La decima edizione delle Solti Peretti Répétiteurs Masterclasses, come di consueto realizzata in  collaborazione con la Georg Solti Accademia di Bel Canto, si concluderà con un concerto per cinque pianoforti e sei cantanti incentrato sul repertorio del ‘bel canto’, nel suggestivo scenario della Sala degli Arazzi della Fondazione Giorgio Cini.

Le Solti Peretti Répétiteurs Masterclass, uniche nel loro genere, offrono a sei eccezionali pianisti un periodo di studio intensivo con alcuni dei più preparati répétiteurs contemporanei. Le abilità di un bravo répétiteur non devono essere sottovalutate, né può esserlo il suo ruolo nella vita e nella carriera di un cantante.

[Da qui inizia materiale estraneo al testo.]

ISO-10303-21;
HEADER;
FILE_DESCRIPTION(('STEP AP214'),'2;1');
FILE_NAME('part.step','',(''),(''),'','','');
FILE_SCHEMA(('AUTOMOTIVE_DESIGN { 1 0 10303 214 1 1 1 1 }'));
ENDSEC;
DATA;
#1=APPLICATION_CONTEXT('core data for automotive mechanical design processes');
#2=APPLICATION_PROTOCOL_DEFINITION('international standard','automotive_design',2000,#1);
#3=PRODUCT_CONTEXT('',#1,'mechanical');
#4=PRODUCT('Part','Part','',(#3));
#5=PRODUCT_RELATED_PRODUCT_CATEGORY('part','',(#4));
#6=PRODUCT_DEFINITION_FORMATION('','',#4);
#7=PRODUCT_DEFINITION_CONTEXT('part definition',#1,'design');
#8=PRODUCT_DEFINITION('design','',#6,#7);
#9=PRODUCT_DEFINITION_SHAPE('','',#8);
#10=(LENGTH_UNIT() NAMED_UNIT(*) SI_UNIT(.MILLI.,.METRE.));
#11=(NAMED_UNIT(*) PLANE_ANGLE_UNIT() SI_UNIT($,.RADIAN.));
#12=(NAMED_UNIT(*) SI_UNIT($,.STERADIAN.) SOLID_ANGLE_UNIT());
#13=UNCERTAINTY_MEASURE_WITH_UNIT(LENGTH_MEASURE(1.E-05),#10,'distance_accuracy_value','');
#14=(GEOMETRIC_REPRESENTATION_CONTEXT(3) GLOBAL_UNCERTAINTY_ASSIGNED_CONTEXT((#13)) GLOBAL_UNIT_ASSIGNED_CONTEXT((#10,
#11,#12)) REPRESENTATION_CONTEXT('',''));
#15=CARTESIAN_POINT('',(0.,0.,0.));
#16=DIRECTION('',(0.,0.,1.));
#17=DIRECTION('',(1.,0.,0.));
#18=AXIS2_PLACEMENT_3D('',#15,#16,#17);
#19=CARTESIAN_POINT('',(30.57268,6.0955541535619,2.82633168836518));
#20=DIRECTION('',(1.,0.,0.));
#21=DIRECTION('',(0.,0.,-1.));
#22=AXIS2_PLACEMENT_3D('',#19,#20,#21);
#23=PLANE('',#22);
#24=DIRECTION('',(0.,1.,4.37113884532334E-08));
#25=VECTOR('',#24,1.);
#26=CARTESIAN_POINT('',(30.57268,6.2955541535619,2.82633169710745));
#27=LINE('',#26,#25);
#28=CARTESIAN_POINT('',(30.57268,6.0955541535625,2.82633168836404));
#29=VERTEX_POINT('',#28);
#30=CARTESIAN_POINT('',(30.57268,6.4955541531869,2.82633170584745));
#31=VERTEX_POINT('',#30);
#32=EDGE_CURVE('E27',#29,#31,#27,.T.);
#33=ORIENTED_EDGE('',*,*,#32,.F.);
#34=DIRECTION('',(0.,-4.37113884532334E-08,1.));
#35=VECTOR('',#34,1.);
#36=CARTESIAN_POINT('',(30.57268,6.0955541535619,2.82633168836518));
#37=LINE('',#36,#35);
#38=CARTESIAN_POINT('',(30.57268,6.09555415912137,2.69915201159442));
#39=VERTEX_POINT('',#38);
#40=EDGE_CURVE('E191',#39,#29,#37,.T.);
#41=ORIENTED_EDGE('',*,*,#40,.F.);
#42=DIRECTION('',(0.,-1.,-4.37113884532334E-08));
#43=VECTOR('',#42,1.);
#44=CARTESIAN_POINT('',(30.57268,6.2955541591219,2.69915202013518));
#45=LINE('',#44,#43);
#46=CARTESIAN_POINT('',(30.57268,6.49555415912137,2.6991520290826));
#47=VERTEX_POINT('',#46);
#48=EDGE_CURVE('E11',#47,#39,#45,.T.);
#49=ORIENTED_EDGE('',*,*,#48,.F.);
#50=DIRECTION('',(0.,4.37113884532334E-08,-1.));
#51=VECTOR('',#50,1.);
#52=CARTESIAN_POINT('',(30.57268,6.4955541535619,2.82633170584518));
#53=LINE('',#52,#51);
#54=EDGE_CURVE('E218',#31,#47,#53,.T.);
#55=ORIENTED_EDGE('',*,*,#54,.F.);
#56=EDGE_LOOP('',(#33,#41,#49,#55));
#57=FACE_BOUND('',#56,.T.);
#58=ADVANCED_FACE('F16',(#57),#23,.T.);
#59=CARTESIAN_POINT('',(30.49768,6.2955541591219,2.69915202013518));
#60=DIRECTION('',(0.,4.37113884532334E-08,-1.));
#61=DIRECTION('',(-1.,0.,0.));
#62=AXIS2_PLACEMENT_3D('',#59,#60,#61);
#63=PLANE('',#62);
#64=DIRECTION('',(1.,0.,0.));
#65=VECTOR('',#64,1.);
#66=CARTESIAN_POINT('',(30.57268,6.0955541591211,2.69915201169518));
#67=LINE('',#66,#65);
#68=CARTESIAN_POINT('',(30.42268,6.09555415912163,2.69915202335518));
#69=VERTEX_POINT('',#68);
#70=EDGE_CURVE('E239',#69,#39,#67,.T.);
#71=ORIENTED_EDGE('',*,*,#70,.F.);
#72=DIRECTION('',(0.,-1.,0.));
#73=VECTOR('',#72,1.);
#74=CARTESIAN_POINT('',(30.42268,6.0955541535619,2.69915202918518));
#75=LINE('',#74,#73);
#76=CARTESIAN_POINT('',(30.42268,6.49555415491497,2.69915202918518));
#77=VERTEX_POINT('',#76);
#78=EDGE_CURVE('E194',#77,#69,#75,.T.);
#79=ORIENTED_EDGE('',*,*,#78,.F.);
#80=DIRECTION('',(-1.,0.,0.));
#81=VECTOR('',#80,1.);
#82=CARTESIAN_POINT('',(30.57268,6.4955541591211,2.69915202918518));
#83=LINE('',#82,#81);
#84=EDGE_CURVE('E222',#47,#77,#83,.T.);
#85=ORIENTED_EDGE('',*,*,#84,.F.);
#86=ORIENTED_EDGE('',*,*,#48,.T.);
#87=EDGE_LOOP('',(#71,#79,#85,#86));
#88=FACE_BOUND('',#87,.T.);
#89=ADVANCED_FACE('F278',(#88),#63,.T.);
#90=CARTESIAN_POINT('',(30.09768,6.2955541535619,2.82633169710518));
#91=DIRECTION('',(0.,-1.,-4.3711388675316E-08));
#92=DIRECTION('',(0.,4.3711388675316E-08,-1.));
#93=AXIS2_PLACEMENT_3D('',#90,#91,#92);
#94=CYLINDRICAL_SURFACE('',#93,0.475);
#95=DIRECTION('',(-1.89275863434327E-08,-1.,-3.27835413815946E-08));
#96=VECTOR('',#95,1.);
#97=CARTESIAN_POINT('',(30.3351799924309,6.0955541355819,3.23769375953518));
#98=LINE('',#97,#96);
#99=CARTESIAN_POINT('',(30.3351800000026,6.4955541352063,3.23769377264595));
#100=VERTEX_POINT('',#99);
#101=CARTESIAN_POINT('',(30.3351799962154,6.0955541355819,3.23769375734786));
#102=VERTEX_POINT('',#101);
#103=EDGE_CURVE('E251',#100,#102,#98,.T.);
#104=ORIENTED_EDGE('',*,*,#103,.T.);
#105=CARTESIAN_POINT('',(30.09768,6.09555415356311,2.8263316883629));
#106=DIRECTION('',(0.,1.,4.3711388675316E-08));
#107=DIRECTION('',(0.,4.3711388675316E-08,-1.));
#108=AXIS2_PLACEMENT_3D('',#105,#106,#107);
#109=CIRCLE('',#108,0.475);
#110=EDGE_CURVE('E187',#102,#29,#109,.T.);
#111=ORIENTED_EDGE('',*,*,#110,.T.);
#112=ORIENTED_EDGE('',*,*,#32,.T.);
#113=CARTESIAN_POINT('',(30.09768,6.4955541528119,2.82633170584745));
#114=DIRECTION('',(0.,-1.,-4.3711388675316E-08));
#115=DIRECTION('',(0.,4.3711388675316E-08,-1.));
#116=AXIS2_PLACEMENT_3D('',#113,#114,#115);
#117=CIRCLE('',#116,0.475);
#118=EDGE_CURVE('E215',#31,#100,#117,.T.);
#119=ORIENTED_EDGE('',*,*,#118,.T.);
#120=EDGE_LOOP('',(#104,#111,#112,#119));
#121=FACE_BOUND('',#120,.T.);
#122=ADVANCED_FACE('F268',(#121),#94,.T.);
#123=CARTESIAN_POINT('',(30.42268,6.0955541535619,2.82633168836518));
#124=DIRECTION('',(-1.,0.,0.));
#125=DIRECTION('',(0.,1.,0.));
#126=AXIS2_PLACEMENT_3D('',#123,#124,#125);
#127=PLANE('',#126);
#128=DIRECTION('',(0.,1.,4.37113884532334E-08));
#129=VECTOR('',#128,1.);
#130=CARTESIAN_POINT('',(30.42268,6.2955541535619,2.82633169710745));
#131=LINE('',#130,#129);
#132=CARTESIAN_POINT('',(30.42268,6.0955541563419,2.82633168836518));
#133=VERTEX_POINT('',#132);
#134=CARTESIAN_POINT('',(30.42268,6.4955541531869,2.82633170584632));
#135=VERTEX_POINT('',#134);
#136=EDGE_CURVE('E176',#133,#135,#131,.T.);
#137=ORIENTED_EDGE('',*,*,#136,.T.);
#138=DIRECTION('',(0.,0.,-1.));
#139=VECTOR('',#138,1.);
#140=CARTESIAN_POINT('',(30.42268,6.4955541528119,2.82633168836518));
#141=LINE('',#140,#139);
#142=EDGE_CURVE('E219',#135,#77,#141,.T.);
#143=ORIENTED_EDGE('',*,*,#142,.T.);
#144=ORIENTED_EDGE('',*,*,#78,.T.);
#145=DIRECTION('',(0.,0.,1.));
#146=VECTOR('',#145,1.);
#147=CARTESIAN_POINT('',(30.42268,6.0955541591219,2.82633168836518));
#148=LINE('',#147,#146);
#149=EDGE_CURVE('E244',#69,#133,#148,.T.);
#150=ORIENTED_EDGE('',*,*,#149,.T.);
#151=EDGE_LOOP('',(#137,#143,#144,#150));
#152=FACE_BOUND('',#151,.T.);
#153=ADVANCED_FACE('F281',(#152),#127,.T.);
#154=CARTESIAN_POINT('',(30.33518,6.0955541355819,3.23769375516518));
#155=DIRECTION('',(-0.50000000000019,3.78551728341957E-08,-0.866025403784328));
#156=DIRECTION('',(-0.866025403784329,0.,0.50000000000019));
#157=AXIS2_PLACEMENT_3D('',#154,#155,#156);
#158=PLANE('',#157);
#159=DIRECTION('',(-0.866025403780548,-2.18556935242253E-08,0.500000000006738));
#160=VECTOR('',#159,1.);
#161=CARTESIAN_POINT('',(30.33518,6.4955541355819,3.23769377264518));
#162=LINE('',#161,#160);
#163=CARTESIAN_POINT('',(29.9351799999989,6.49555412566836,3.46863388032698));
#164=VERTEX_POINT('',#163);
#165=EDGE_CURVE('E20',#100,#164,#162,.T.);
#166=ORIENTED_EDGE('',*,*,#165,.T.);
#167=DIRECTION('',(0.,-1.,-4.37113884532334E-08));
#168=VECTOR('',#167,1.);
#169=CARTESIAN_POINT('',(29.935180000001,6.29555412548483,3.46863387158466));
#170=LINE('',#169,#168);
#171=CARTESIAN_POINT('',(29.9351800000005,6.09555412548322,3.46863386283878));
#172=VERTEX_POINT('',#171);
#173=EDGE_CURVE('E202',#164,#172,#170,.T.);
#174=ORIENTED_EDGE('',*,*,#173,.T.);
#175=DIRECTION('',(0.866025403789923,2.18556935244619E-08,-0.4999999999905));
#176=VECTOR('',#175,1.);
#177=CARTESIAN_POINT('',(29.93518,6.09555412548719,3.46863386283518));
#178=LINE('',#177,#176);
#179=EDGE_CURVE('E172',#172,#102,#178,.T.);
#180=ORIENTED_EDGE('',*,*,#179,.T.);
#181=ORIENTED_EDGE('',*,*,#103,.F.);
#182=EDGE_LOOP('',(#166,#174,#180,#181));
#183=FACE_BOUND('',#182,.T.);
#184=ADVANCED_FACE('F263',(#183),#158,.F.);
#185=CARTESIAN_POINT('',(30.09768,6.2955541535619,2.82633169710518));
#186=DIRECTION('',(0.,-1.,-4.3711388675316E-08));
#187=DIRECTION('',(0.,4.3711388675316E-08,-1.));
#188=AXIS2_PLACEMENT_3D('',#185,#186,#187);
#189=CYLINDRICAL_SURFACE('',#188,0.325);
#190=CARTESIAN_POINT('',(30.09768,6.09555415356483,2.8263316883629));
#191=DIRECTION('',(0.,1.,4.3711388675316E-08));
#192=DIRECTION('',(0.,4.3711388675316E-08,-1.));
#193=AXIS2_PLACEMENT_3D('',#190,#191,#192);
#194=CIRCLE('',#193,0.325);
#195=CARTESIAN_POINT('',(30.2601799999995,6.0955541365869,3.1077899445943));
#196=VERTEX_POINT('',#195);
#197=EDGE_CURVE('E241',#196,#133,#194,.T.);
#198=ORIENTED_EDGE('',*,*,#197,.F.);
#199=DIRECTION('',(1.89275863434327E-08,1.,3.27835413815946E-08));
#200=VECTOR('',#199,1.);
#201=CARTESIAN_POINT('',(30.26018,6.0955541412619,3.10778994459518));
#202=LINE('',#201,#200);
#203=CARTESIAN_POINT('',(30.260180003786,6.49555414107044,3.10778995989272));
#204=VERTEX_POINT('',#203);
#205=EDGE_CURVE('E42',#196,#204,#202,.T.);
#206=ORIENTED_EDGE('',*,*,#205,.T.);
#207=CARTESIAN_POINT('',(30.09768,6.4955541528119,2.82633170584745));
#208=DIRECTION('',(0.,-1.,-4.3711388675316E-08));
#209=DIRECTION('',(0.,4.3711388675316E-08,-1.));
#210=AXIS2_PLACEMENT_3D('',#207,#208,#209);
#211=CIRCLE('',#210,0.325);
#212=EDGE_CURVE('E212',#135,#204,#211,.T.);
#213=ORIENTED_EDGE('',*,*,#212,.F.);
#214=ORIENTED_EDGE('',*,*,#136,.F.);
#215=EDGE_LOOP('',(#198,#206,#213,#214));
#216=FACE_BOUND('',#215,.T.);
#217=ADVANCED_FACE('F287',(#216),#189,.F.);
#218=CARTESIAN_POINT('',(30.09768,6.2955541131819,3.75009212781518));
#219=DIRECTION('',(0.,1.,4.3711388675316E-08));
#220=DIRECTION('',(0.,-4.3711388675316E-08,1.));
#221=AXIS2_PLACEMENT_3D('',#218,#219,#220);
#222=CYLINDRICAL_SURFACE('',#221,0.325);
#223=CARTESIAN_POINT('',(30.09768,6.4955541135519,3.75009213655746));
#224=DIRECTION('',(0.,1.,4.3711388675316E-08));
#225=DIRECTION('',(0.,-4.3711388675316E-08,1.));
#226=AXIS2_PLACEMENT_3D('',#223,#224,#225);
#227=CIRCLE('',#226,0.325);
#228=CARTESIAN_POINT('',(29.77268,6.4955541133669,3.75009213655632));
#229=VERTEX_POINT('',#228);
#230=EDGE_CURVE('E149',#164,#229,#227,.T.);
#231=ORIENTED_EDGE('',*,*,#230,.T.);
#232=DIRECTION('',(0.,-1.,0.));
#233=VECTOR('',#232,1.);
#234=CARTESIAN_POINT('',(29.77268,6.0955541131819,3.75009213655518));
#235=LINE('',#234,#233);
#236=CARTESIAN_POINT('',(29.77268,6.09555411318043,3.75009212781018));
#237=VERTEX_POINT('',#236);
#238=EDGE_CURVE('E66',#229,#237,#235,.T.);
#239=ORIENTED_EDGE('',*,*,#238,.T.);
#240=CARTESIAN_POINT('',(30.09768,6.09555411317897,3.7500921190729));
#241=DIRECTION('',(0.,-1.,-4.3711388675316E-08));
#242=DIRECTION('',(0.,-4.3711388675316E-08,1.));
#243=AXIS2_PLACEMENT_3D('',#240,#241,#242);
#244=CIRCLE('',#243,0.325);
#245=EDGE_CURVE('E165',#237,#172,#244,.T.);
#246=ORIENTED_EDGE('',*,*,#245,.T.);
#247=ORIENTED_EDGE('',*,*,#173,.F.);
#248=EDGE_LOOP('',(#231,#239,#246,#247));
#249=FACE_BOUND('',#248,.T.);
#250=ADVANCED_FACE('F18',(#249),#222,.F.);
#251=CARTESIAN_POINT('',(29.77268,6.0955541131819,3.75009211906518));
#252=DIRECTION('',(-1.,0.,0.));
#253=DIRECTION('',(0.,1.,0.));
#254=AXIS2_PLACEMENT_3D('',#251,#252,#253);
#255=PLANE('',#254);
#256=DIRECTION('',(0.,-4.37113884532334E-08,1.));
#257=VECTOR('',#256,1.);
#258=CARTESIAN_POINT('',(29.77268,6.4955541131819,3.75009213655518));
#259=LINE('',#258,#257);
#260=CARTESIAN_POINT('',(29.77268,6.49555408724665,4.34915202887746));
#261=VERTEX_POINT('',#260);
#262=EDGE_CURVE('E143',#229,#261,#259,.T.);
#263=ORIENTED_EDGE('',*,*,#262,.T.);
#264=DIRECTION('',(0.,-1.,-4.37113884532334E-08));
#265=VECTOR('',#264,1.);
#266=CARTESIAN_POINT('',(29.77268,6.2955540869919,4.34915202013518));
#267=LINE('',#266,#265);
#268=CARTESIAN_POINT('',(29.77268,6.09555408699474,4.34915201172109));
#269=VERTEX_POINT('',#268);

Essi sono i factotum per eccellenza del mondo musicale, l’alleato chiave che permette all’artista il raggiungimento dell’apice della performance. Non a caso, molti di loro sono diventati tra i migliori direttori del mondo: Solti, Pappano, Gergiev e Muti, giusto per citarne alcuni. Nel corso della sua attività, la Georg Solti Accademia si è costruita una reputazione di professionalità, disciplina rigorosa e attenzione per i dettagli. Gli stessi valori che Sir Georg Solti ha coltivato nell’intero arco della sua vita. Alla sua memoria e nello spirito della sua testimonianza cantanti come Mirella Freni, Kiri Te Kanawa, José Carreras, Leo Nucci, Luciana Serra, Daniela Dessi, Frederica von Stade, Mariella Devia, omas Allen e Angela Gheorghiu, con i quali Solti ha lavorato, hanno accettato di collaborare con l’Accademia, restituendo alle nuove generazioni ciò che hanno appreso quando erano giovani artisti.